WORK REQUIRED.
A single number is the answer: how many lines of the data hold "BehaviorTree"?

MATERIAL FOR THIS TASK.
┌──

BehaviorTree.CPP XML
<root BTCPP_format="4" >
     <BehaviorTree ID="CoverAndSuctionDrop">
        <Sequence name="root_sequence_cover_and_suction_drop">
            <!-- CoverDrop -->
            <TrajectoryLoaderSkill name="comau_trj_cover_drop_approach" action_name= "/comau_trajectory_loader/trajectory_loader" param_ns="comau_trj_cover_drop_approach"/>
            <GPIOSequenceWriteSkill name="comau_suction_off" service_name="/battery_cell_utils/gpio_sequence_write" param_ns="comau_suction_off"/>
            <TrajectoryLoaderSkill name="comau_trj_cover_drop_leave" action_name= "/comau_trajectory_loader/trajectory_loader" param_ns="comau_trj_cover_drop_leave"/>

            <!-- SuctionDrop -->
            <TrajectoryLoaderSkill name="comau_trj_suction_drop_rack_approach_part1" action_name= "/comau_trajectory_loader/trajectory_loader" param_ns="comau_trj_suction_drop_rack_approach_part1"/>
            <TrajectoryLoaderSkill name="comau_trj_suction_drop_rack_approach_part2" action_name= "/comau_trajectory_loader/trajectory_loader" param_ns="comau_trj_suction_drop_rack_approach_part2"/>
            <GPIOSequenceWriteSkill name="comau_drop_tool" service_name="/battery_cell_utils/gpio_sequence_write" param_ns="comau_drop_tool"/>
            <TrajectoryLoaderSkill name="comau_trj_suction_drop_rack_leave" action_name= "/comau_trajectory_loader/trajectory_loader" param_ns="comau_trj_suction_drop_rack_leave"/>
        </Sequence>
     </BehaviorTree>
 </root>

└──

FINAL ANSWER.
3